Work to be completed =>
Begin at the line below that has "Discrete Derivative : simulink/Discrete/Discrete" and stop after the line that has "Display2 : Display". Please restate only those lines, word for word.

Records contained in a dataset
=== Begin Enclosure ===
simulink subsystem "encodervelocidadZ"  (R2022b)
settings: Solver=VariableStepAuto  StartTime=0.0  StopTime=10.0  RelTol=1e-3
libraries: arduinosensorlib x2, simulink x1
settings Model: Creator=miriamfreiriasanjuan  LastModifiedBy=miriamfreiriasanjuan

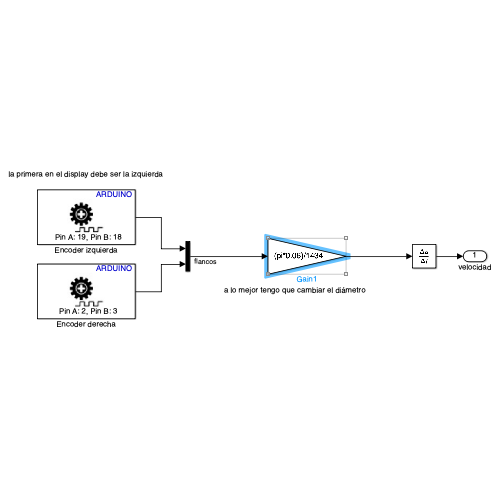
[thumbnail: Simulink's stored preview of the top-level diagram]
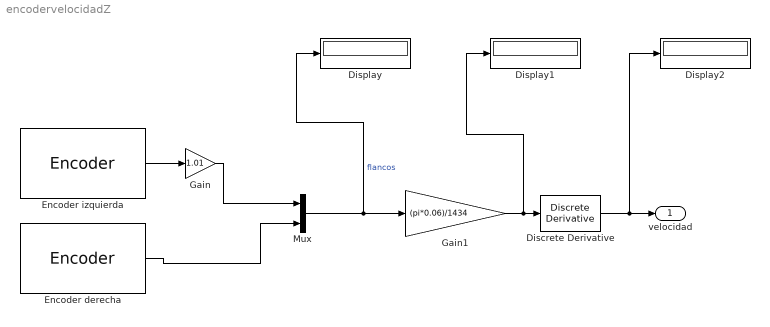
== system encodervelocidadZ ==
  Discrete Derivative : simulink/Discrete/Discrete Derivative  gainval=1.0  ICPrevScaledInput=0.0  OutMin=[]  OutMax=[]  OutDataType=fixdt(1, 16)  OutScaling=2^-10  DoSatur=off
  Display : Display
  Display1 : Display
  Display2 : Display
  Encoder derecha : arduinosensorlib/Encoder  InputA=2  InputB=3  Mode=No reset  SampleTime=-1
  Encoder izquierda : arduinosensorlib/Encoder  InputA=19  InputB=18  Mode=No reset  SampleTime=-1
  Gain : Gain  Gain=1.01  OutDataTypeStr=int32
  Gain1 : Gain  Gain=(pi*0.06)/1434  OutDataTypeStr=double
  Mux : Mux  Inputs=2
  velocidad : Outport
  wires:
  Discrete Derivative/1 -> Display2/1, velocidad/1
  Mux/1 -> Display/1, Gain1/1  "flancos"
  Gain1/1 -> Display1/1, Discrete Derivative/1
  Encoder derecha/1 -> Mux/2
  Encoder izquierda/1 -> Gain/1
  Gain/1 -> Mux/1
=== End Enclosure ===
Solution to this problem =>
  Discrete Derivative : simulink/Discrete/Discrete Derivative  gainval=1.0  ICPrevScaledInput=0.0  OutMin=[]  OutMax=[]  OutDataType=fixdt(1, 16)  OutScaling=2^-10  DoSatur=off
  Display : Display
  Display1 : Display
  Display2 : Display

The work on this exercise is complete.